1. O Egrégio Supremo Tribunal Federal já declarou a constitucionalidade da pena de perdimento por danos causados ao erário, por haver previsão expressa na CF de 1967 (RExt. n.º 95.693/RS, Rel. Min. Alfredo Buzaid). A falta de previsão expressa na CF/88 não importa concluir por sua inconstitucionalidade ou não-recepção. Através do devido processo legal, o direito de propriedade pode ser restringido, porque não-absoluto. A validade do perdimento é nossa própria tradição histórica de proteção do erário. A aplicação do perdimento obedece à razoabilidade, pois a sua não-aplicação implica aceitar que alguns se beneficiem às custas de toda a sociedade. 2. A pena de perdimento, após a CF/88, é plenamente aplicável também no processo administrativo fiscal. 3. Nos termos do art. 617 do R.A., é aplicável a pena de perdimento do veículo que estiver transportando mercadorias sujeitas a perdimento, se estiver configurada a responsabilidade do seu proprietário na prática da infração. 4. A responsabilidade da proprietária não foi demonstrada, diante das circunstâncias do caso concreto. (TRF4, AMS 2006.70.02.006015-8, Segunda Turma, Relator Luciane Amaral Corrêa Münch, D.E. 18/07/2007)

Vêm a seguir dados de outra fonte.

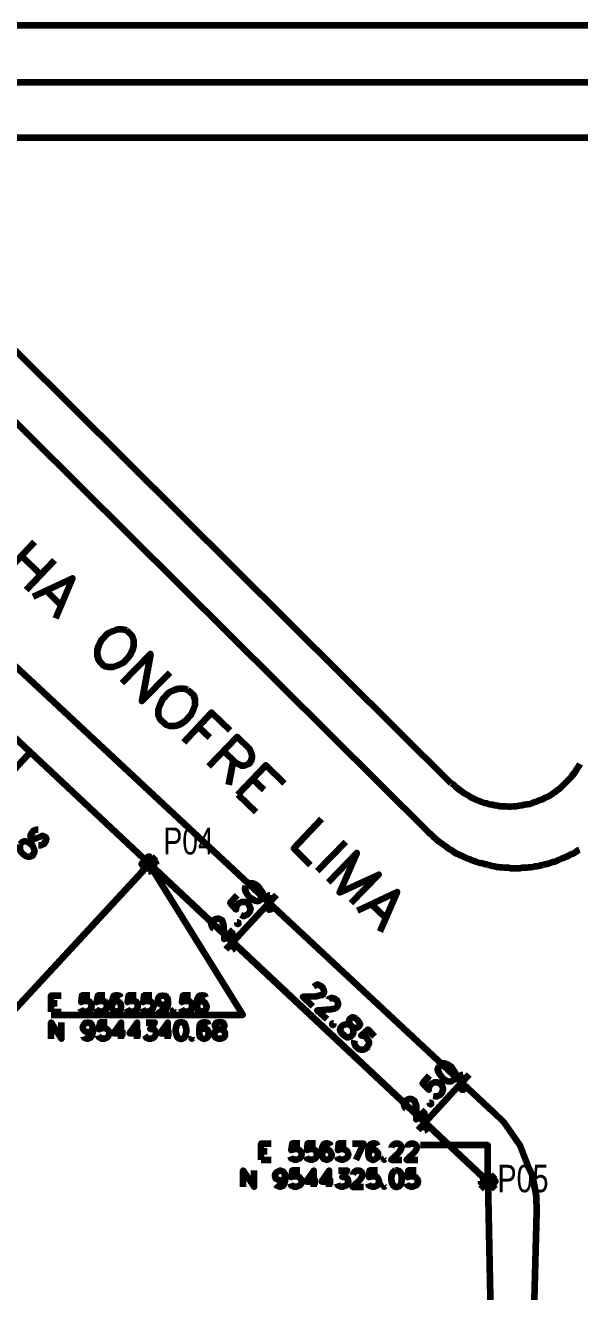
# Model space of a CAD drawing. Header units: inches. Extents: x 1 to 529, y -1 to 335.
# Drawn here: x 267 to 343.9, y 159.3 to 334.9 of the extents above; entities that cross this region are included whole.
import ezdxf

# ---------------------------------------------------------------- set-up
doc = ezdxf.new("R2010")
doc.units = ezdxf.units.IN
for name, color, linetype, lineweight in [('H', 7, 'CONTINUOUS', 100), ('P', 250, 'CONTINUOUS', 100), ('Text', 250, 'CONTINUOUS', 100)]:
    doc.layers.add(name, color=color, linetype=linetype, lineweight=lineweight)
doc.styles.get("Standard").update_dxf_attribs({"font": 'txt', "width": 0.75})

msp = doc.modelspace()

# ---------------------------------------------------------------- hatches: boundary and pattern name
at = {"layer": 'H', "linetype": 'CONTINUOUS'}
for points in [[(284.4, 217.6), (284.07, 219.6), (284.13, 217.6), (284.4, 217.6), (284.07, 219.6), (284.27, 219.6)], [(285.2, 218.73), (283.2, 218.47), (285.2, 218.53), (285.2, 218.73), (283.2, 218.47), (283.2, 218.67)], [(300.73, 214.2), (301.07, 212.27), (300.93, 214.2), (300.73, 214.2), (301.07, 212.27), (300.8, 212.2)], [(295.93, 206.8), (295.67, 208.73), (295.73, 206.73), (295.93, 206.8), (295.67, 208.73), (295.87, 208.73)], [(327.47, 189.27), (327.8, 187.27), (327.73, 189.27), (327.47, 189.27), (327.8, 187.27), (327.6, 187.27)], [(322.6, 181.73), (322.33, 183.67), (322.4, 181.67), (322.6, 181.73), (322.33, 183.67), (322.53, 183.67)], [(330.2, 174.4), (332.2, 174.67), (330.2, 174.6), (330.2, 174.4), (332.2, 174.67), (332.2, 174.47)], [(332, 173.93), (330.4, 175.13), (331.87, 173.73), (332, 173.93), (330.4, 175.13), (330.53, 175.27)]]:
    msp.add_hatch(color=252, dxfattribs=at).paths.add_polyline_path(points)

# ---------------------------------------------------------------- linework, layer by layer
at = {"layer": 'P', "color": 252, "linetype": 'CONTINUOUS'}
for points in [[(1.2, 334.87), (474.8, 334.87), (474.8, 0), (1.2, 0), (1.2, 334.87)], [(18.07, 327), (466.93, 327), (466.93, 7.87), (18.07, 7.87), (18.07, 327)], [(23.4, 31.33), (367.4, 31.33), (367.4, 319.27), (23.4, 319.27), (23.4, 31.33)], [(284.27, 218.6), (177.07, 319.13)], [(273.13, 43.4), (332, 107), (335.2, 111.27), (336.53, 114.27), (338, 170.33), (337.93, 172.53), (337.4, 175.4), (336.8, 176.67), (335.67, 179.53), (333.47, 182.73), (331.93, 184.2), (187.27, 319.13)], [(226.07, 319.13), (323, 222.93)], [(236.07, 319.13), (326.07, 229.8)], [(267.73, 234.07), (219.8, 182.13)], [(326.13, 229.8), (326.47, 229.53), (326.73, 229.33), (327, 229.07), (327.33, 228.8), (327.67, 228.6), (327.93, 228.4), (328.27, 228.2), (328.6, 228), (328.93, 227.8), (329.27, 227.67), (329.6, 227.47), (330, 227.33), (330.33, 227.2), (330.67, 227.07), (331.07, 227), (331.4, 226.87), (331.8, 226.8), (332.13, 226.73), (332.53, 226.67), (332.87, 226.6), (333.27, 226.6), (333.67, 226.6), (334, 226.53), (334.4, 226.53), (334.8, 226.6), (335.13, 226.6), (335.53, 226.67), (335.93, 226.73), (336.27, 226.8), (336.67, 226.87), (337.07, 226.93), (337.4, 227.07), (337.8, 227.2), (338.13, 227.33), (338.53, 227.47), (338.87, 227.6), (339.2, 227.8), (339.53, 227.93), (339.87, 228.13), (340.2, 228.33), (340.53, 228.6), (340.8, 228.8), (341.13, 229), (341.4, 229.27), (341.67, 229.53), (341.93, 229.8), (342.2, 230.07), (342.47, 230.33), (342.73, 230.6), (342.93, 230.87), (343.2, 231.2), (343.4, 231.47), (343.6, 231.8), (343.8, 232.13), (344, 232.47)], [(268.8, 223.33), (268.47, 223.33), (268.2, 223.2), (267.93, 222.87), (267.73, 222.6), (267.73, 222.27), (267.93, 222.13), (268.13, 222.07), (268.33, 222.07), (268.47, 222.13), (269.13, 222.4), (269.33, 222.47), (269.53, 222.47), (269.73, 222.4), (269.93, 222.2), (269.93, 221.93), (269.8, 221.6), (269.53, 221.27), (269.2, 221.13), (268.87, 221.13)], [(266.27, 221.27), (266.27, 221.07), (266.27, 220.73), (266.27, 220.53), (266.47, 220.2), (266.8, 219.87), (267.13, 219.67), (267.4, 219.6), (267.67, 219.6), (267.93, 219.67), (268.2, 220), (268.33, 220.2), (268.33, 220.53), (268.2, 220.73), (268.07, 221.07), (267.67, 221.4), (267.4, 221.6), (267.13, 221.67), (266.8, 221.67), (266.6, 221.6), (266.27, 221.27)], [(323, 222.93), (323.27, 222.73), (323.47, 222.53), (323.67, 222.33), (323.87, 222.13), (324.13, 221.93), (324.33, 221.73), (324.53, 221.6), (324.8, 221.4), (325, 221.27), (325.27, 221.07), (325.47, 220.93), (325.73, 220.73), (326, 220.6), (326.2, 220.47), (326.47, 220.27), (326.73, 220.13), (326.93, 220), (327.2, 219.87), (327.47, 219.73), (327.73, 219.67), (328, 219.53), (328.27, 219.4), (328.53, 219.27), (328.8, 219.2), (329.07, 219.07), (329.33, 219), (329.6, 218.87), (329.87, 218.8), (330.13, 218.73), (330.4, 218.67), (330.67, 218.6), (330.93, 218.53), (331.2, 218.47), (331.47, 218.4), (331.73, 218.33), (332.07, 218.27), (332.33, 218.2), (332.6, 218.2), (332.87, 218.13), (333.13, 218.13), (333.47, 218.07), (333.73, 218.07), (334, 218.07), (334.27, 218), (334.6, 218), (334.87, 218), (335.13, 218), (335.47, 218), (335.73, 218), (336, 218.07), (336.27, 218.07), (336.6, 218.07), (336.87, 218.13), (337.13, 218.13), (337.47, 218.2), (337.73, 218.27), (338, 218.27), (338.27, 218.33), (338.6, 218.4), (338.87, 218.47), (339.13, 218.53), (339.4, 218.6), (339.73, 218.67), (340, 218.8), (340.27, 218.87), (340.53, 218.93), (340.8, 219.07), (341.07, 219.2), (341.33, 219.27), (341.6, 219.4), (341.87, 219.53), (342.13, 219.6), (342.4, 219.73), (342.67, 219.87), (342.93, 220), (343.2, 220.13), (343.4, 220.27), (343.67, 220.47), (343.93, 220.6)], [(284.13, 217.6), (284.4, 217.6), (284.07, 219.6), (284.13, 217.6)], [(284.4, 217.6), (284.07, 219.6), (284.27, 219.6), (284.4, 217.6)], [(284.33, 218.67), (236.27, 166.73)], [(285.2, 218.53), (285.2, 218.73), (283.2, 218.47), (285.2, 218.53)], [(285.2, 218.73), (283.2, 218.47), (283.2, 218.67), (285.2, 218.73)], [(284.07, 218.67), (331.27, 174.4)], [(301.87, 214.27), (300.87, 213.2), (295.8, 207.73), (294.87, 206.73)], [(300.93, 214.2), (300.73, 214.2), (301.07, 212.27), (300.93, 214.2)], [(300.73, 214.2), (301.07, 212.27), (300.8, 212.2), (300.73, 214.2)], [(295.73, 206.73), (295.93, 206.8), (295.67, 208.73), (295.73, 206.73)], [(295.93, 206.8), (295.67, 208.73), (295.87, 208.73), (295.93, 206.8)], [(328.6, 189.33), (327.6, 188.27), (322.47, 182.67), (321.53, 181.67)], [(327.73, 189.27), (327.47, 189.27), (327.8, 187.27), (327.73, 189.27)], [(327.47, 189.27), (327.8, 187.27), (327.6, 187.27), (327.47, 189.27)], [(322.4, 181.67), (322.6, 181.73), (322.33, 183.67), (322.4, 181.67)], [(322.6, 181.73), (322.33, 183.67), (322.53, 183.67), (322.6, 181.73)], [(330.2, 174.6), (330.2, 174.4), (332.2, 174.67), (330.2, 174.6)], [(330.2, 174.4), (332.2, 174.67), (332.2, 174.47), (330.2, 174.4)], [(332, 173.93), (330.4, 175.13), (330.53, 175.27), (332, 173.93)], [(331.87, 173.73), (332, 173.93), (330.4, 175.13), (331.87, 173.73)], [(331.2, 174.67), (332.33, 116.67)]]:
    msp.add_lwpolyline(points, dxfattribs=at)
at = {"layer": 'P', "color": 0, "linetype": 'CONTINUOUS'}
for points in [[(331.2, 174.53), (332.33, 116.8), (265, 44.13), (56.07, 237.6), (103.73, 289.27), (236.33, 166.87), (284.27, 218.6), (331.2, 174.53)], [(268.33, 263.2), (264.47, 259.13)], [(266.47, 261.33), (269.2, 258.67)], [(271.07, 260.67), (267.13, 256.53)], [(268.13, 255.67), (273.6, 258.2), (271.2, 252.6)], [(270, 256.4), (271.93, 254.53)], [(281.13, 250.93), (280.53, 251.07), (279.8, 251.07), (279.2, 250.87), (278.47, 250.53), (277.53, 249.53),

Na hipótese dos autos, todavia, não vislumbro a propalada condição de terceira de boa-fé da recorrente. Senão vejamos:
a) analisando os Autos de Infração com Apreensão de Mercadorias de fls. 45 exsurge claramente a destinação comercial da mercadorias transportadas, mormente porque, dentre os inúmeros produtos encontrados havia medicamentos, CDs gravados, eletrônicos, equipamentos de informática, brinquedos, vestuário, etc., totalizando a quantia US$ 32.671,22 (trinta e dois mil, seiscentos e setenta e um dólares e vinte e dois centavos), o que afasta o caráter turístico da viagem;
b) as fotos das fls. 64 à 67, onde se pode visualizar estarem lotados de mercadorias os compartimentos inferiores destinados ao transporte de bagagens, bem como o corredor do ônibus e sob poltronas o que caracteriza serem volumes típicos de "sacoleiros";
Este é o entendimento já pacificado nesta Corte:
TRIBUTÁRIO. PENA DE PERDIMENTO. CONSTITUCIONALIDADE. CABIMENTO EM PROCESSO ADMINISTRATIVO FISCAL. ÔNIBUS. TRANSPORTE DE MERCADORIA DESCAMINHADA. POSSIBILIDADE DE APREENSÃO IN LIMINE. PROVA DA RESPONSABILIDADE DO PROPRIETÁRIO. CARACTERIZAÇÃO DE DANO AO ERÁRIO BRASILEIRO.
(...)
3. Nos termos do art. 617 do R.A., é aplicável a pena de perdimento do veículo que estiver transportando mercadorias sujeitas a perdimento, se estiver configurada a responsabilidade do seu proprietário na prática da infração.
4. Esta Turma já se manifestou no sentido de que, além de ser legal o procedimento de fiscalização especial com retenção de mercadoria (bem como do veículo que a transporta), a falta de regular processo administrativo não implicaria violação ao princípio do devido processo legal e do direito à ampla defesa (Agravo de instrumento n.º 2003.04.01.003644-2, j. 29.04.2003, Rel. Des. Federal João Surreaux Chagas).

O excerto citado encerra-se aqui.